What happened next was a bit of a lark. The few people we shared those beta sauces were like “hey this is really good”. We decided to look into what the steps were to start a company in Los Angeles. My friend and partner Andrew has a business degree so that made setting up our business easy. Finding our brand name? Not so much!
We spent countless hours searching domains to no avail. We would find a name we liked only to discover that it was already owned but not in use. What? Rascals! We ended up purchasing ProjectHotSauce.com from a guy in Poland….go figure.
In the meantime, we were refining our recipes and slowly scaling up...which, we are still doing.
One day I got a call from someone who needed help at a farm in Panorama City calledCottonwood Urban Farm. The owner, Elliot Kuhn, who has become a brother to me, asked if I could help him in his orchard sizing up his tree rings.
I ended up not only helping Elliot on his farm but also got to play a couple of outdoor concerts at the farm with a new Jazz band I formed called The Vaccines. Through Elliot, I met Alex Frecker, an organic farmer and mentor of Elliot’s.
As the summer waned and the growing season was ending, we asked Alex if we could go up to his farm and shoot some video footage for our upcoming Kickstarter campaign. When we arrived at the farm in Carpinteria, CA, after a stunning drive North, we were spellbound by the farm's placement in this beautiful valley. You could smell the sweet ocean breeze wafting through the rows of peppers, lettuce, kale and more.
Alex greeted us and gave us a tour which ended at several rows of Red Ember Cayenne peppers. We asked if we could do a short interview and he said, “sure”. Wow, we thought, this guy has the most generous spirit!
As we finished the interview and took a few stills of his beautiful farm he said, “Hey if you wanna pick some peppers today go for it….my wholesaler is stocked and the plants have reached their growth capacity.” “What”, I replied, “you mean right now?” “Sure, go for it. You’ll find some produce boxes over there”, he said and walked off to get back to working on his compost system.

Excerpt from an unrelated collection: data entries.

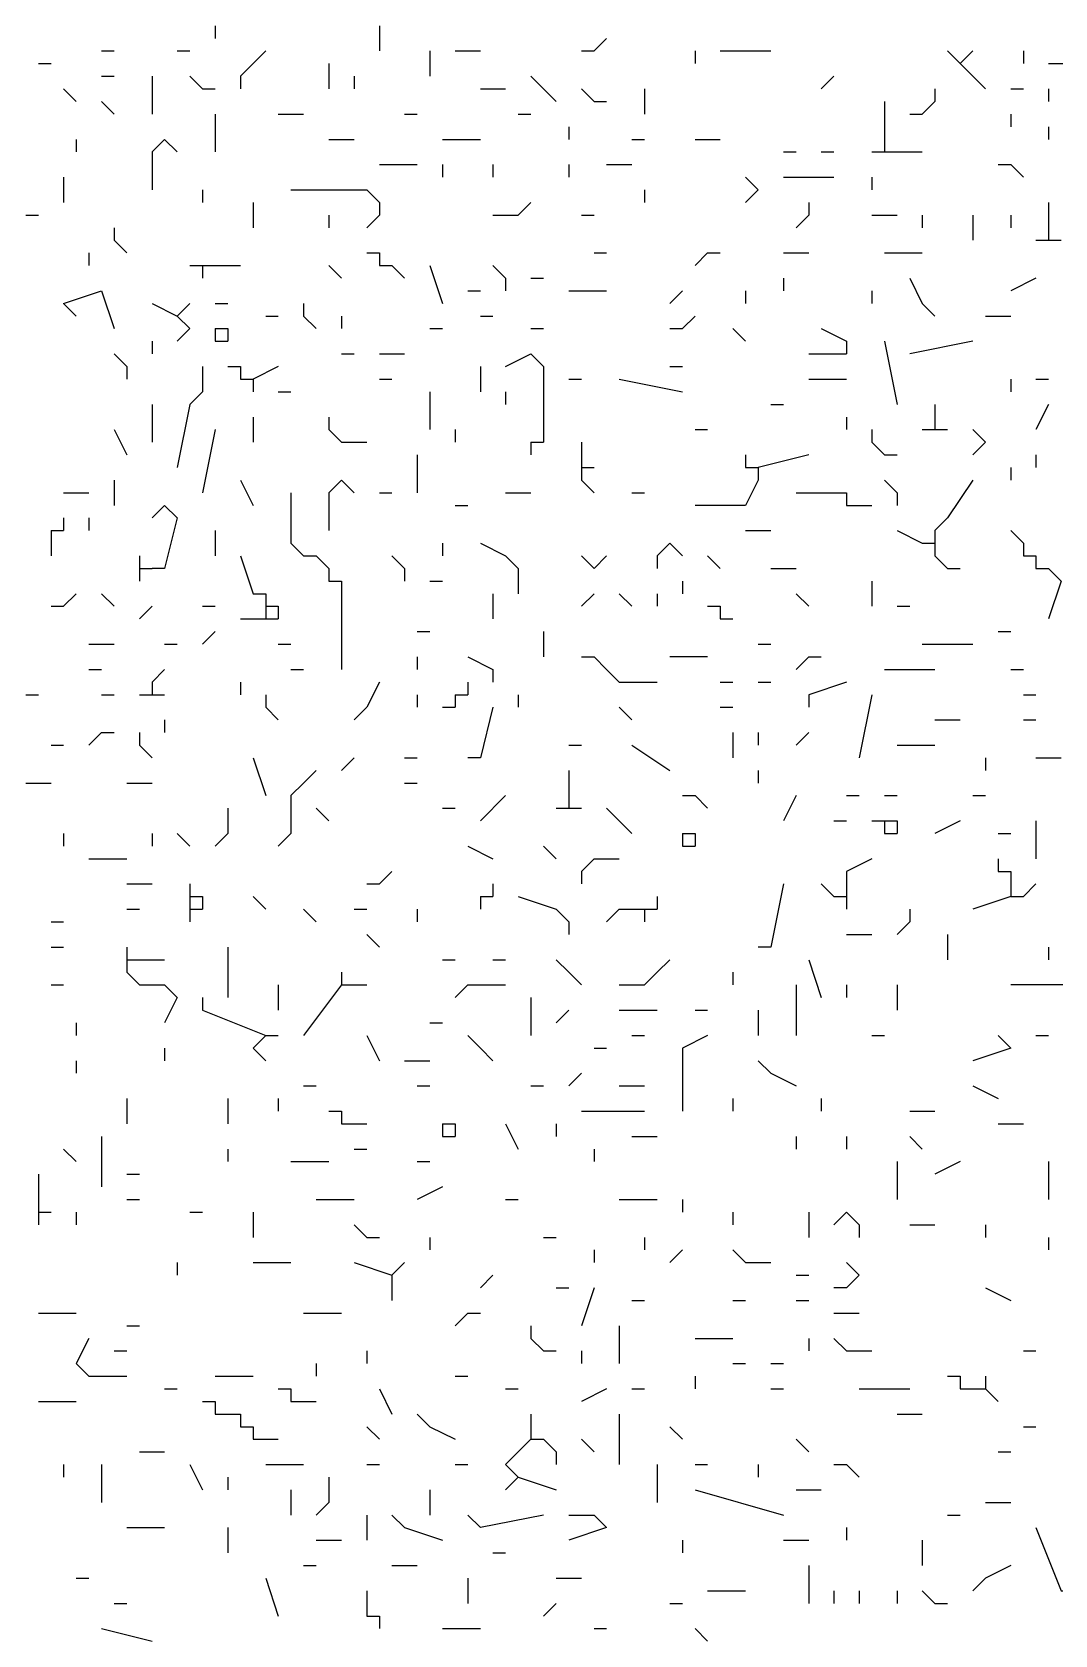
# Model space of a CAD drawing. Header units: inches. Extents: x 0 to 7.16, y 0 to 9.76.
# Drawn here: x 1.645 to 2.455, y 4.625 to 5.895 of the extents above; entities that cross this region are included whole.
import ezdxf

# ---------------------------------------------------------------- set-up
doc = ezdxf.new("R2010")
doc.units = ezdxf.units.IN
doc.header["$MEASUREMENT"] = 0

# ---------------------------------------------------------------- blocks, each defined once
blk = doc.blocks.new('drevoo')
at = {"linetype": 'Continuous'}
for points in [[(182.9402, -561.7101), (182.9402, -561.7201)], [(183.0702, -561.7101), (183.0702, -561.7301)], [(183.2502, -561.7201), (183.2402, -561.7301)], [(182.8502, -561.7301), (182.8602, -561.7301)], [(182.9102, -561.7301), (182.9202, -561.7301)], [(182.9802, -561.7301), (182.9702, -561.7401)], [(183.1102, -561.7301), (183.1102, -561.7501)], [(183.1302, -561.7301), (183.1502, -561.7301)], [(183.2302, -561.7301), (183.2402, -561.7301)], [(183.3202, -561.7301), (183.3202, -561.7401)], [(183.3402, -561.7301), (183.3802, -561.7301)], [(183.5202, -561.7301), (183.5302, -561.7401)], [(183.5402, -561.7301), (183.5302, -561.7401)], [(183.5802, -561.7301), (183.5802, -561.7401)], [(182.8002, -561.7401), (182.8102, -561.7401)], [(182.9702, -561.7401), (182.9602, -561.7501)], [(183.0302, -561.7401), (183.0302, -561.7601)], [(183.5302, -561.7401), (183.5402, -561.7501)], [(183.6002, -561.7401), (183.6202, -561.7401)], [(182.8502, -561.7501), (182.8602, -561.7501)], [(182.8902, -561.7501), (182.8902, -561.7801)], [(182.9202, -561.7501), (182.9302, -561.7601)], [(182.9602, -561.7501), (182.9602, -561.7601)], [(183.0502, -561.7501), (183.0502, -561.7601)], [(183.1902, -561.7501), (183.2002, -561.7601)], [(183.4302, -561.7501), (183.4202, -561.7601)], [(183.5402, -561.7501), (183.5502, -561.7601)], [(182.8202, -561.7601), (182.8302, -561.7701)], [(182.8502, -561.7701), (182.8602, -561.7801)], [(182.9302, -561.7601), (182.9402, -561.7601)], [(183.1502, -561.7601), (183.1702, -561.7601)], [(183.2002, -561.7601), (183.2102, -561.7701)], [(183.2302, -561.7601), (183.2402, -561.7701)], [(183.2402, -561.7701), (183.2502, -561.7701)], [(183.2802, -561.7601), (183.2802, -561.7801)], [(183.4702, -561.7701), (183.4702, -561.8001)], [(183.5102, -561.7701), (183.5002, -561.7801)], [(183.5102, -561.7601), (183.5102, -561.7701)], [(183.5702, -561.7601), (183.5802, -561.7601)], [(183.6002, -561.7601), (183.6002, -561.7701)], [(182.9402, -561.7801), (182.9402, -561.8101)], [(182.9902, -561.7801), (183.0102, -561.7801)], [(183.0902, -561.7801), (183.1002, -561.7801)], [(183.1802, -561.7801), (183.1902, -561.7801)], [(183.4902, -561.7801), (183.5002, -561.7801)], [(183.5702, -561.7801), (183.5702, -561.7901)], [(183.2202, -561.7901), (183.2202, -561.8001)], [(183.6002, -561.7901), (183.6002, -561.8001)], [(182.8302, -561.8001), (182.8302, -561.8101)], [(182.9002, -561.8001), (182.8902, -561.8101)], [(182.9002, -561.8001), (182.9102, -561.8101)], [(183.0302, -561.8001), (183.0502, -561.8001)], [(183.1202, -561.8001), (183.1502, -561.8001)], [(183.2702, -561.8001), (183.2802, -561.8001)], [(183.3202, -561.8001), (183.3402, -561.8001)], [(183.4702, -561.8001), (183.4702, -561.8101)], [(182.8902, -561.8101), (182.8902, -561.8401)], [(183.0702, -561.8201), (183.1002, -561.8201)], [(183.1202, -561.8201), (183.1202, -561.8301)], [(183.1602, -561.8201), (183.1602, -561.8301)], [(183.2202, -561.8201), (183.2202, -561.8301)], [(183.2502, -561.8201), (183.2702, -561.8201)], [(183.3902, -561.8101), (183.4002, -561.8101)], [(183.4202, -561.8101), (183.4302, -561.8101)], [(183.4602, -561.8101), (183.4702, -561.8101)], [(183.4702, -561.8101), (183.4802, -561.8101)], [(183.4802, -561.8101), (183.5002, -561.8101)], [(183.5602, -561.8201), (183.5702, -561.8201)], [(183.5702, -561.8201), (183.5802, -561.8301)], [(182.8202, -561.8301), (182.8202, -561.8501)], [(183.3602, -561.8301), (183.3702, -561.8401)], [(183.3902, -561.8301), (183.4302, -561.8301)], [(183.4602, -561.8301), (183.4602, -561.8401)], [(182.9302, -561.8401), (182.9302, -561.8501)], [(183.0002, -561.8401), (183.0602, -561.8401), (183.0702, -561.8501), (183.0702, -561.8601)], [(183.2802, -561.8401), (183.2802, -561.8501)], [(183.3702, -561.8401), (183.3602, -561.8501)], [(182.7902, -561.8601), (182.8002, -561.8601)], [(182.9702, -561.8501), (182.9702, -561.8701)], [(183.0302, -561.8601), (183.0302, -561.8701)], [(183.0702, -561.8601), (183.0602, -561.8701)], [(183.1602, -561.8601), (183.1802, -561.8601)], [(183.1902, -561.8501), (183.1802, -561.8601)], [(183.2302, -561.8601), (183.2402, -561.8601)], [(183.4102, -561.8601), (183.4002, -561.8701)], [(183.4102, -561.8501), (183.4102, -561.8601)], [(183.4602, -561.8601), (183.4802, -561.8601)], [(183.5002, -561.8601), (183.5002, -561.8701)], [(183.5402, -561.8601), (183.5402, -561.8801)], [(183.5702, -561.8601), (183.5702, -561.8701)], [(183.6002, -561.8501), (183.6002, -561.8701)], [(182.8602, -561.8701), (182.8602, -561.8801)], [(183.6002, -561.8701), (183.6002, -561.8801)], [(182.8602, -561.8801), (182.8702, -561.8901)], [(183.5902, -561.8801), (183.6002, -561.8801)], [(183.6002, -561.8801), (183.6102, -561.8801)], [(182.8402, -561.8901), (182.8402, -561.9001)], [(183.0602, -561.8901), (183.0702, -561.8901)], [(183.0702, -561.8901), (183.0702, -561.9001)], [(183.2402, -561.8901), (183.2502, -561.8901)], [(183.3302, -561.8901), (183.3202, -561.9001)], [(183.3302, -561.8901), (183.3402, -561.8901)], [(183.3902, -561.8901), (183.4102, -561.8901)], [(183.4702, -561.8901), (183.5002, -561.8901)], [(182.9202, -561.9001), (182.9302, -561.9001)], [(182.9302, -561.9001), (182.9302, -561.9101)], [(182.9302, -561.9001), (182.9402, -561.9001)], [(182.9402, -561.9001), (182.9602, -561.9001)], [(183.0302, -561.9001), (183.0402, -561.9101)], [(183.0702, -561.9001), (183.0802, -561.9001)], [(183.0802, -561.9001), (183.0902, -561.9101)], [(183.1102, -561.9001), (183.1202, -561.9301)], [(183.1602, -561.9001), (183.1702, -561.9101)], [(183.1702, -561.9101), (183.1702, -561.9201)], [(183.1902, -561.9101), (183.2002, -561.9101)], [(183.3902, -561.9101), (183.3902, -561.9201)], [(183.4902, -561.9101), (183.5002, -561.9301)], [(183.5902, -561.9101), (183.5702, -561.9201)], [(182.8302, -561.9401), (182.8202, -561.9301), (182.8502, -561.9201), (182.8602, -561.9501)], [(183.1402, -561.9201), (183.1502, -561.9201)], [(183.2202, -561.9201), (183.2502, -561.9201)], [(183.3102, -561.9201), (183.3002, -561.9301)], [(183.3602, -561.9201), (183.3602, -561.9301)], [(183.4602, -561.9201), (183.4602, -561.9301)], [(182.8902, -561.9301), (182.9102, -561.9401)], [(182.9202, -561.9301), (182.9102, -561.9401)], [(182.9402, -561.9301), (182.9502, -561.9301)], [(183.0102, -561.9301), (183.0102, -561.9401)], [(183.5002, -561.9301), (183.5102, -561.9401)], [(182.9102, -561.9401), (182.9202, -561.9501)], [(182.9802, -561.9401), (182.9902, -561.9401)], [(183.0102, -561.9401), (183.0202, -561.9501)], [(183.0402, -561.9401), (183.0402, -561.9501)], [(183.1502, -561.9401), (183.1602, -561.9401)], [(183.3202, -561.9401), (183.3102, -561.9501)], [(183.5502, -561.9401), (183.5702, -561.9401)], [(182.8902, -561.9601), (182.8902, -561.9701)], [(182.9202, -561.9501), (182.9102, -561.9601)], [(182.9402, -561.9501), (182.9402, -561.9601)], [(182.9402, -561.9501), (182.9502, -561.9501)], [(182.9402, -561.9601), (182.9502, -561.9601)], [(182.9502, -561.9501), (182.9502, -561.9601)], [(183.1102, -561.9501), (183.1202, -561.9501)], [(183.1902, -561.9501), (183.2002, -561.9501)], [(183.3002, -561.9501), (183.3102, -561.9501)], [(183.3502, -561.9501), (183.3602, -561.9601)], [(183.4202, -561.9501), (183.4402, -561.9601)], [(183.4402, -561.9601), (183.4402, -561.9701)], [(183.4702, -561.9601), (183.4802, -562.0101)], [(183.5402, -561.9601), (183.4902, -561.9701)], [(182.8602, -561.9701), (182.8702, -561.9801)], [(183.0402, -561.9701), (183.0502, -561.9701)], [(183.0702, -561.9701), (183.0902, -561.9701)], [(183.1702, -561.9801), (183.1902, -561.9701), (183.2002, -561.9801), (183.2002, -562.0301)], [(183.4102, -561.9701), (183.4302, -561.9701)], [(183.4302, -561.9701), (183.4402, -561.9701)], [(182.8702, -561.9801), (182.8702, -561.9901)], [(182.9302, -561.9801), (182.9302, -562.0001)], [(182.9502, -561.9801), (182.9602, -561.9801)], [(182.9602, -561.9801), (182.9602, -561.9901)], [(182.9902, -561.9801), (182.9702, -561.9901)], [(183.1502, -561.9801), (183.1502, -562.0001)], [(183.3002, -561.9801), (183.3102, -561.9801)], [(182.9302, -562.0001), (182.9202, -562.0101)], [(182.9602, -561.9901), (182.9702, -561.9901)], [(182.9702, -561.9901), (182.9702, -562.0001)], [(182.9902, -562.0001), (183.0002, -562.0001)], [(183.0702, -561.9901), (183.0802, -561.9901)], [(183.1102, -562.0001), (183.1102, -562.0301)], [(183.1702, -562.0001), (183.1702, -562.0101)], [(183.2202, -561.9901), (183.2302, -561.9901)], [(183.2602, -561.9901), (183.3102, -562.0001)], [(183.4102, -561.9901), (183.4402, -561.9901)], [(183.5702, -561.9901), (183.5702, -562.0001)], [(183.5902, -561.9901), (183.6002, -561.9901)], [(182.8902, -562.0101), (182.8902, -562.0401)], [(182.9202, -562.0101), (182.9102, -562.0601)], [(183.3802, -562.0101), (183.3902, -562.0101)], [(183.5102, -562.0101), (183.5102, -562.0201)], [(183.6002, -562.0101), (183.5902, -562.0301)], [(182.9702, -562.0201), (182.9702, -562.0401)], [(183.0302, -562.0201), (183.0302, -562.0301)], [(183.4402, -562.0201), (183.4402, -562.0301)], [(183.5102, -562.0201), (183.5102, -562.0301)], [(182.8602, -562.0301), (182.8702, -562.0501)], [(182.9402, -562.0301), (182.9302, -562.0801)], [(183.0302, -562.0301), (183.0402, -562.0401)], [(183.1302, -562.0301), (183.1302, -562.0401)], [(183.2002, -562.0301), (183.2002, -562.0401)], [(183.3202, -562.0301), (183.3302, -562.0301)], [(183.4602, -562.0301), (183.4602, -562.0401)], [(183.5002, -562.0301), (183.5102, -562.0301)], [(183.5102, -562.0301), (183.5202, -562.0301)], [(183.5402, -562.0301), (183.5502, -562.0401)], [(183.0402, -562.0401), (183.0602, -562.0401)], [(183.1002, -562.0501), (183.1002, -562.0801)], [(183.1902, -562.0401), (183.1902, -562.0501)], [(183.1902, -562.0401), (183.2002, -562.0401)], [(183.2302, -562.0401), (183.2302, -562.0501)], [(183.2302, -562.0501), (183.2302, -562.0601)], [(183.3602, -562.0501), (183.3602, -562.0601)], [(183.4102, -562.0501), (183.3702, -562.0601)], [(183.4602, -562.0401), (183.4702, -562.0501)], [(183.4702, -562.0501), (183.4802, -562.0501)], [(183.5502, -562.0401), (183.5402, -562.0501)], [(183.5902, -562.0501), (183.5902, -562.0601)], [(183.2302, -562.0601), (183.2302, -562.0701)], [(183.2302, -562.0601), (183.2402, -562.0601)], [(183.3602, -562.0601), (183.3702, -562.0601)], [(183.3702, -562.0601), (183.3702, -562.0701)], [(183.5702, -562.0601), (183.5702, -562.0701)], [(182.8602, -562.0701), (182.8602, -562.0901)], [(182.9602, -562.0701), (182.9702, -562.0901)], [(183.0402, -562.0701), (183.0302, -562.0801)], [(183.0402, -562.0701), (183.0502, -562.0801)], [(183.2302, -562.0701), (183.2402, -562.0801)], [(183.3702, -562.0701), (183.3602, -562.0901), (183.3202, -562.0901)], [(183.4702, -562.0701), (183.4802, -562.0801)], [(183.5402, -562.0701), (183.5202, -562.1001)], [(182.8202, -562.0801), (182.8402, -562.0801)], [(183.0002, -562.0801), (183.0002, -562.1201)], [(183.0302, -562.0801), (183.0302, -562.1101)], [(183.0702, -562.0801), (183.0802, -562.0801)], [(183.1702, -562.0801), (183.1902, -562.0801)], [(183.2702, -562.0801), (183.2802, -562.0801)], [(183.4002, -562.0801), (183.4302, -562.0801)], [(183.4302, -562.0801), (183.4402, -562.0801)], [(183.4402, -562.0801), (183.4402, -562.0901)], [(183.4802, -562.0801), (183.4802, -562.0901)], [(182.8202, -562.1001), (182.8202, -562.1101)], [(182.8402, -562.1001), (182.8402, -562.1101)], [(182.9002, -562.0901), (182.9102, -562.1001), (182.9002, -562.1401), (182.8902, -562.1401)], [(182.9002, -562.0901), (182.8902, -562.1001)], [(183.1302, -562.0901), (183.1402, -562.0901)], [(183.4402, -562.0901), (183.4502, -562.0901)], [(183.4502, -562.0901), (183.4602, -562.0901)], [(183.5202, -562.1001), (183.5102, -562.1101)], [(182.8102, -562.1101), (182.8102, -562.1201)], [(182.8102, -562.1101), (182.8202, -562.1101)], [(182.9402, -562.1101), (182.9402, -562.1301)], [(183.3602, -562.1101), (183.3802, -562.1101)], [(183.4802, -562.1101), (183.5002, -562.1201)], [(183.5102, -562.1101), (183.5102, -562.1201)], [(183.5702, -562.1101), (183.5802, -562.1201)], [(182.8102, -562.1201), (182.8102, -562.1301)], [(183.0002, -562.1201), (183.0102, -562.1301)], [(183.1202, -562.1201), (183.1202, -562.1301)], [(183.1502, -562.1201), (183.1702, -562.1301)], [(183.3002, -562.1201), (183.2902, -562.1301)], [(183.3002, -562.1201), (183.3102, -562.1301)], [(183.5002, -562.1201), (183.5102, -562.1201)], [(183.5102, -562.1201), (183.5102, -562.1301)], [(183.5802, -562.1201), (183.5802, -562.1301)], [(182.8802, -562.1301), (182.8802, -562.1401)], [(182.9602, -562.1301), (182.9702, -562.1601)], [(183.0102, -562.1301), (183.0202, -562.1301)], [(183.0202, -562.1301), (183.0302, -562.1401)], [(183.0802, -562.1301), (183.0902, -562.1401)], [(183.1702, -562.1301), (183.1802, -562.1401)], [(183.2302, -562.1301), (183.2402, -562.1401)], [(183.2502, -562.1301), (183.2402, -562.1401)], [(183.2902, -562.1301), (183.2902, -562.1401)], [(183.3302, -562.1301), (183.3402, -562.1401)], [(183.5102, -562.1301), (183.5202, -562.1401)], [(183.5802, -562.1301), (183.5902, -562.1301)], [(183.5902, -562.1301), (183.5902, -562.1401)], [(182.8802, -562.1401), (182.8802, -562.1501)], [(182.8802, -562.1401), (182.8902, -562.1401)], [(183.0302, -562.1401), (183.0302, -562.1501)], [(183.0302, -562.1501), (183.0402, -562.1501)], [(183.0402, -562.1501), (183.0402, -562.1601)], [(183.0902, -562.1401), (183.0902, -562.1501)], [(183.1102, -562.1501), (183.1202, -562.1501)], [(183.1802, -562.1401), (183.1802, -562.1601)], [(183.3102, -562.1501), (183.3102, -562.1601)], [(183.3802, -562.1401), (183.4002, -562.1401)], [(183.4602, -562.1501), (183.4602, -562.1701)], [(183.5202, -562.1401), (183.5302, -562.1401)], [(183.5902, -562.1401), (183.6002, -562.1401)], [(183.6002, -562.1401), (183.6102, -562.1501)], [(183.6102, -562.1501), (183.6002, -562.1801)], [(182.8302, -562.1601), (182.8202, -562.1701)], [(182.8502, -562.1601), (182.8602, -562.1701)], [(182.9702, -562.1601), (182.9802, -562.1601)], [(182.9802, -562.1601), (182.9802, -562.1701)], [(183.0402, -562.1601), (183.0402, -562.2201)], [(183.1602, -562.1601), (183.1602, -562.1801)], [(183.2402, -562.1601), (183.2302, -562.1701)], [(183.2602, -562.1601), (183.2702, -562.1701)], [(183.2902, -562.1601), (183.2902, -562.1701)], [(183.4002, -562.1601), (183.4102, -562.1701)], [(182.8102, -562.1701), (182.8202, -562.1701)], [(182.8902, -562.1701), (182.8802, -562.1801)], [(182.9302, -562.1701), (182.9402, -562.1701)], [(182.9802, -562.1701), (182.9802, -562.1801)], [(182.9802, -562.1701), (182.9902, -562.1701)], [(182.9902, -562.1701), (182.9902, -562.1801)], [(183.3302, -562.1701), (183.3402, -562.1701)], [(183.3402, -562.1701), (183.3402, -562.1801)], [(183.4802, -562.1701), (183.4902, -562.1701)], [(182.9402, -562.1901), (182.9302, -562.2001)], [(182.9602, -562.1801), (182.9702, -562.1801)], [(182.9702, -562.1801), (182.9802, -562.1801)], [(182.9802, -562.1801), (182.9902, -562.1801)], [(183.1002, -562.1901), (183.1102, -562.1901)], [(183.2002, -562.1901), (183.2002, -562.2101)], [(183.3402, -562.1801), (183.3502, -562.1801)], [(183.5602, -562.1901), (183.5702, -562.1901)], [(182.8402, -562.2001), (182.8602, -562.2001)], [(182.9002, -562.2001), (182.9102, -562.2001)], [(182.9902, -562.2001), (183.0002, -562.2001)], [(183.3702, -562.2001), (183.3802, -562.2001)], [(183.5002, -562.2001), (183.5402, -562.2001)], [(183.1002, -562.2101), (183.1002, -562.2201)], [(183.1402, -562.2101), (183.1602, -562.2201), (183.1602, -562.2301)], [(183.2302, -562.2101), (183.2402, -562.2101)], [(183.2402, -562.2101), (183.2502, -562.2201)], [(183.3302, -562.2101), (183.3002, -562.2101)], [(183.4102, -562.2101), (183.4002, -562.2201)], [(183.4102, -562.2101), (183.4202, -562.2101)], [(182.8402, -562.2201), (182.8502, -562.2201)], [(182.9002, -562.2201), (182.8902, -562.2301)], [(183.0002, -562.2201), (183.0102, -562.2201)], [(183.2502, -562.2201), (183.2602, -562.2301)], [(183.4702, -562.2201), (183.5102, -562.2201)], [(183.5702, -562.2201), (183.5802, -562.2201)], [(182.7902, -562.2401), (182.8002, -562.2401)], [(182.8502, -562.2401), (182.8602, -562.2401)], [(182.8802, -562.2401), (182.8902, -562.2401)], [(182.8902, -562.2301), (182.8902, -562.2401)], [(182.8902, -562.2401), (182.9002, -562.2401)], [(182.9602, -562.2301), (182.9602, -562.2401)], [(182.9802, -562.2401), (182.9802, -562.2501)], [(183.0702, -562.2301), (183.0602, -562.2501)], [(183.1002, -562.2401), (183.1002, -562.2501)], [(183.1302, -562.2401), (183.1302, -562.2501)], [(183.1302, -562.2401), (183.1402, -562.2401)], [(183.1402, -562.2301), (183.1402, -562.2401)], [(183.1802, -562.2401), (183.1802, -562.2501)], [(183.2602, -562.2301), (183.2902, -562.2301)], [(183.3402, -562.2301), (183.3502, -562.2301)], [(183.3702, -562.2301), (183.3802, -562.2301)], [(183.4402, -562.2301), (183.4102, -562.2401), (183.4102, -562.2501)], [(183.4602, -562.2401), (183.4502, -562.2901)], [(183.5802, -562.2401), (183.5902, -562.2401)], [(182.9802, -562.2501), (182.9902, -562.2601)], [(183.0602, -562.2501), (183.0502, -562.2601)], [(183.1202, -562.2501), (183.1302, -562.2501)], [(183.1602, -562.2501), (183.1502, -562.2901), (183.1402, -562.2901)], [(183.2602, -562.2501), (183.2702, -562.2601)], [(183.3402, -562.2501), (183.3502, -562.2501)], [(182.9002, -562.2601), (182.9002, -562.2701)], [(183.5102, -562.2601), (183.5302, -562.2601)], [(183.5802, -562.2601), (183.5902, -562.2601)], [(182.8502, -562.2701), (182.8402, -562.2801)], [(182.8502, -562.2701), (182.8602, -562.2701)], [(182.8802, -562.2701), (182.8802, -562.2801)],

That day we harvested 50-60 lbs of those beautiful peppers. We got back to the kitchen and I came up with a recipe for a Frecker signature sauce we called “Freckin’ Hot”. Two weeks later, we went back up to the farm and delivered the sauce to Alex, complete with its own label. Alex was floored by our dedication and gumption to throw down so quickly. The wheels in his entrepreneurial brain started turning and he agreed not only to grow all our produce for the coming year but to also sell our product at his stand in 13 weekly farmer’s markets.
With our partnership with Frecker Farm (a trusted source for high quality organic produce in the LA/Ventura county areas), our young company,Project Hot Sauce, is off to a promising start. We believe that this closed loop model of farm–>product–>farm stand is one that will be attractive to the consumer as they not only know where the sauce ingredients come from but also that the grower stands by the product enough to sell it himself. Our Kickstarter campaign was 284% funded and gave us the ability to launch our business, rent a commercial kitchen and pass our cannery license inspection. We could write a book about what that entails but it’s been a super fun challenge and experience.